LeetCode - LRU Cache - Day14 (1/14/2020)

LRU Cache

Question

Design and implement a data structure for Least Recently Used (LRU) cache. It should support the following operations: get and put.

get(key) - Get the value (will always be positive) of the key if the key exists in the cache, otherwise return -1. put(key, value) - Set or insert the value if the key is not already present. When the cache reached its capacity, it should invalidate the least recently used item before inserting a new item.

The cache is initialized with a positive capacity.

Follow up: Could you do both operations in O(1) time complexity?

Example:

LRUCache cache = new LRUCache( 2 /* capacity */ );

cache.put(1, 1);
cache.put(2, 2);
cache.get(1);       // returns 1
cache.put(3, 3);    // evicts key 2
cache.get(2);       // returns -1 (not found)
cache.put(4, 4);    // evicts key 1
cache.get(1);       // returns -1 (not found)
cache.get(3);       // returns 3
cache.get(4);       // returns 4

What I though & Solution

According to the question, we need to have a hash-map to keep track of the keys and its values. However, at the same time, we need to cache these data. In that case, managing a hash-map by using a double linked list is one of the good strategies since we can easily change the order to represent caching system and have many data such as keys and values.

The photo above shows how we should hold data to implement LRU cache. By using this structure, we can realize O(1) time for put and get operations. It also allows to remove the first added node in O(1) time as well.

One advantage of double linked list is that the node can remove itself without other reference.
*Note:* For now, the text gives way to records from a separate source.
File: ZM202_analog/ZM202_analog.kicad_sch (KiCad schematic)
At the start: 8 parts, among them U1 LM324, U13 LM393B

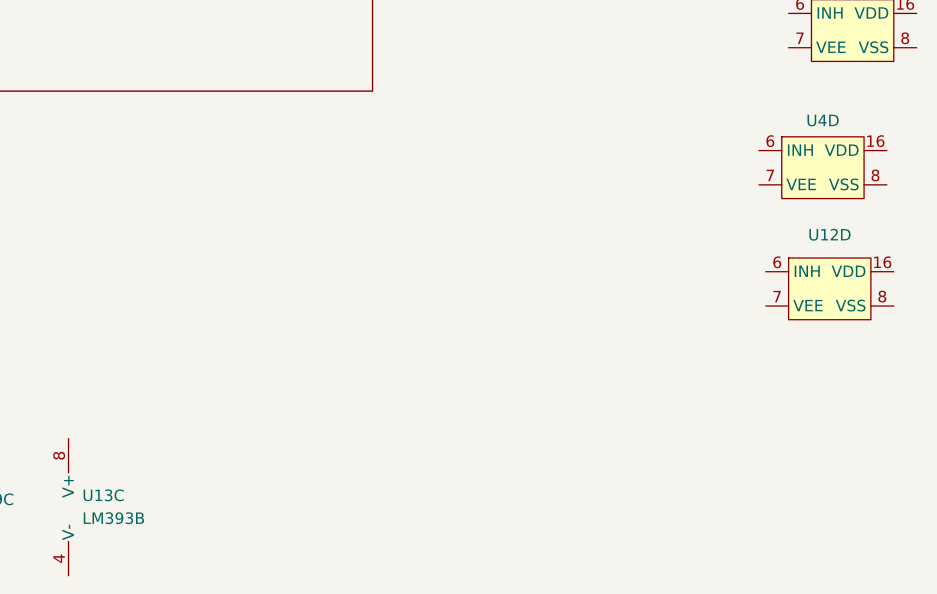
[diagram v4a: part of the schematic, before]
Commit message: Added PLL-circuit and added labels.
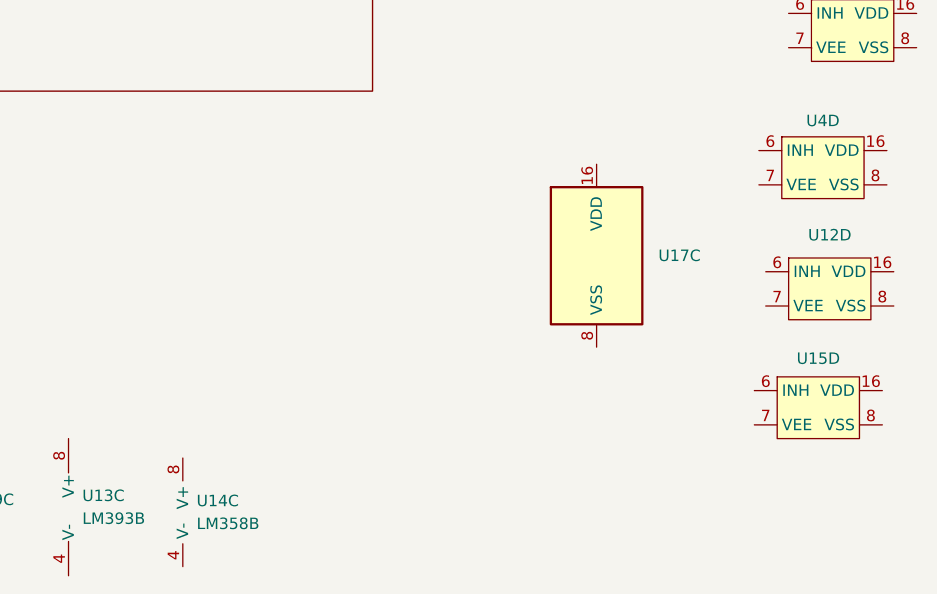
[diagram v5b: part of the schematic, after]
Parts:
- added U14: LM358B, Package_SO:SO-8_3.9x4.9mm_P1.27mm, symbol Jojos_Lib:LM358B
- added U15: ~, Package_SO:SOIC-16W_5.3x10.2mm_P1.27mm, symbol Jojos_Lib:CD4053
- added U17: ~, Package_SO:SO-16_3.9x9.9mm_P1.27mm, symbol Jojos_Lib:CD4027BM96
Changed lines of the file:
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@@
     (stroke (width 0) (type default))
+  )
+  (symbol (lib_id "Jojos_Lib:CD4027BM96") (at 175.514 137.16 0) (unit 3)
+    (in_bom yes) (on_board yes) (dnp no) (fields_autoplaced)
+    (property "Reference" "U17" (at 182.372 137.16 0)
+      (effects (font (size 1.27 1.27)) (justify left))
+    )
+    (property "Value" "~" (at 167.894 146.05 0)
+      (effects (font (size 1.27 1.27)))
+    )
+    (property "Footprint" "Package_SO:SO-16_3.9x9.9mm_P1.27mm" (at 175.514 137.16 0)
+      (effects (font (size 1.27 1.27)) hide)
+    )
+    (property "Datasheet" "http://www.intersil.com/content/dam/Intersil/documents/cd40/cd4027bms.pdf" (at 175.514 137.16 0)
+      (effects (font (size 1.27 1.27)) hide)
+    )
+    (property "Mouser Part Number" "595-CD4027BM96 " (at 175.514 137.16 0)
+      (effects (font (size 1.27 1.27)) hide)
+    )
+    (pin "1")
+    (pin "2")
+    (pin "3")
+    (pin "4")
+    (pin "5")
+    (pin "6")
+    (pin "7")
+    (pin "10")
+    (pin "11")
+    (pin "12")
+    (pin "13")
+    (pin "14")
+    (pin "15")
+    (pin "9")
+    (pin "16")
+    (pin "8")
+    (instances
+      (project "ZM202_analog"
+        (path "/99a04650-e6a5-4da0-b985-3216476cb3cd/42bdac79-14b2-41d3-9681-42fcfeb810b2"
+          (reference "U17") (unit 3)
+        )
+        (path "/99a04650-e6a5-4da0-b985-3216476cb3cd"
+          (reference "U17") (unit 3)
+        )
+      )
+    )
   )
   (symbol (lib_id "Jojos_Lib:LM324ADR ") (at 69.342 164.338 0) (unit 5)
@@
         (path "/99a04650-e6a5-4da0-b985-3216476cb3cd/623fe2f9-a117-4b04-94d6-8c06947e3053"
           (reference "U4") (unit 5)
+        )
+      )
+    )
+  )
+  (symbol (lib_id "Jojos_Lib:LM358B") (at 129.54 165.608 0) (unit 3)
+    (in_bom yes) (on_board yes) (dnp no) (fields_autoplaced)
+    (property "Reference" "U14" (at 131.064 164.4015 0)
+      (effects (font (size 1.27 1.27)) (justify left))
+    )
+    (property "Value" "LM358B" (at 131.064 166.9415 0)
+      (effects (font (size 1.27 1.27)) (justify left))
+    )
+    (property "Footprint" "Package_SO:SO-8_3.9x4.9mm_P1.27mm" (at 129.54 165.608 0)
+      (effects (font (size 1.27 1.27)) hide)
+    )
+    (property "Datasheet" "" (at 129.54 165.608 0)
+      (effects (font (size 1.27 1.27)) hide)
+    )
+    (property "Mouser Part Number" "595-LM358BAIDR " (at 129.54 165.608 0)
+      (effects (font (size 1.27 1.27)) hide)
+    )
+    (pin "1")
+    (pin "2")
+    (pin "3")
+    (pin "5")
+    (pin "6")
+    (pin "7")
+    (pin "4")
+    (pin "8")
+    (instances
+      (project "ZM202_analog"
+        (path "/99a04650-e6a5-4da0-b985-3216476cb3cd/42bdac79-14b2-41d3-9681-42fcfeb810b2"
+          (reference "U14") (unit 3)
+        )
+        (path "/99a04650-e6a5-4da0-b985-3216476cb3cd"
+          (reference "U14") (unit 3)
         )
       )
@@
         )
       )
+    )
+  )
+  (symbol (lib_id "Jojos_Lib:CD4053") (at 200.152 153.67 0) (unit 4)
+    (in_bom yes) (on_board yes) (dnp no) (fields_autoplaced)
+    (property "Reference" "U15" (at 200.152 148.59 0)
+      (effects (font (size 1.27 1.27)))
+    )
+    (property "Value" "~" (at 198.628 153.924 0)
+      (effects (font (size 1.27 1.27)))
+    )
+    (property "Footprint" "Package_SO:SOIC-16W_5.3x10.2mm_P1.27mm" (at 198.628 153.924 0)
+      (effects (font (size 1.27 1.27)) hide)
+    )
+    (property "Datasheet" "" (at 198.628 153.924 0)
+      (effects (font (size 1.27 1.27)) hide)
+    )
+    (property "Mouser Part Number" "595-CD4053BM96G3" (at 200.152 153.67 0)
+      (effects (font (size 1.27 1.27)) hide)
+    )
+    (pin "11")
+    (pin "12")
+    (pin "13")
+    (pin "14")
+    (pin "1")
+    (pin "10")
+    (pin "15")
+    (pin "2")
+    (pin "3")
+    (pin "4")
+    (pin "5")
+    (pin "9")
+    (pin "16")
+    (pin "6")
+    (pin "7")
+    (pin "8")
+    (instances
+      (project "ZM202_analog"
+        (path "/99a04650-e6a5-4da0-b985-3216476cb3cd/42bdac79-14b2-41d3-9681-42fcfeb810b2"
+          (reference "U15") (unit 4)
+        )
+        (path "/99a04650-e6a5-4da0-b985-3216476cb3cd"
+          (reference "U15") (unit 4)
+        )
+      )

In addition, it takes constant time to add and remove nodes from the head or tail.

One particularity about the double linked list implemented here is that there are pseudo head and pseudo tail to mark the boundary, so that we don't need to check the null node during the update.

class LRUCache {
    class ListNode {
        int key;
        int value;
        ListNode prev;
        ListNode next;
    }
    
    private void addNode(ListNode node) {
        node.prev = first;
        node.next = first.next;
        
        first.next.prev = node;
        first.next = node;
    }
    
    private void removeNode(ListNode node) {
        ListNode prev = node.prev;
        ListNode next = node.next;
        
        prev.next = next;
        next.prev = prev;
    }
    
    private void moveToHead(ListNode node) {
        removeNode(node);
        addNode(node);
    }
    
    private ListNode popLast() {
        ListNode res = last.prev;
        removeNode(res);
        return res;
    }
    
    private Map<Integer, ListNode> cache = new HashMap<>();
    private int size;
    private int capacity;
    private ListNode first, last;

    public LRUCache(int capacity) {
        this.size = 0;
        this.capacity = capacity;
        
        first = new ListNode();
        last = new ListNode();
        
        first.next = last;
        last.prev = first;
    }
    
    public int get(int key) {
        ListNode node = cache.get(key);
        if (node == null) {
            return -1;
        }
        
        moveToHead(node);
        
        return node.value;
    }
    
    public void put(int key, int value) {
        ListNode node = cache.get(key);
        
        if (node == null) {
            ListNode newNode = new ListNode();
            newNode.key = key;
            newNode.value = value;
            
            cache.put(key, newNode);
            addNode(newNode);
            
            size++;
            
            if (size > capacity) {
                ListNode last = popLast();
                cache.remove(last.key);
                size--;
            } 
        } else {
            node.value = value;
            moveToHead(node);
        }
    }
}

/**
 * Your LRUCache object will be instantiated and called as such:
 * LRUCache obj = new LRUCache(capacity);
 * int param_1 = obj.get(key);
 * obj.put(key,value);
 */

Time complexity

O(1) for both put and get.

Space complexity

O(capacity) since the space is used only for a hashmap and double linked list which at most capacity + 1 elements.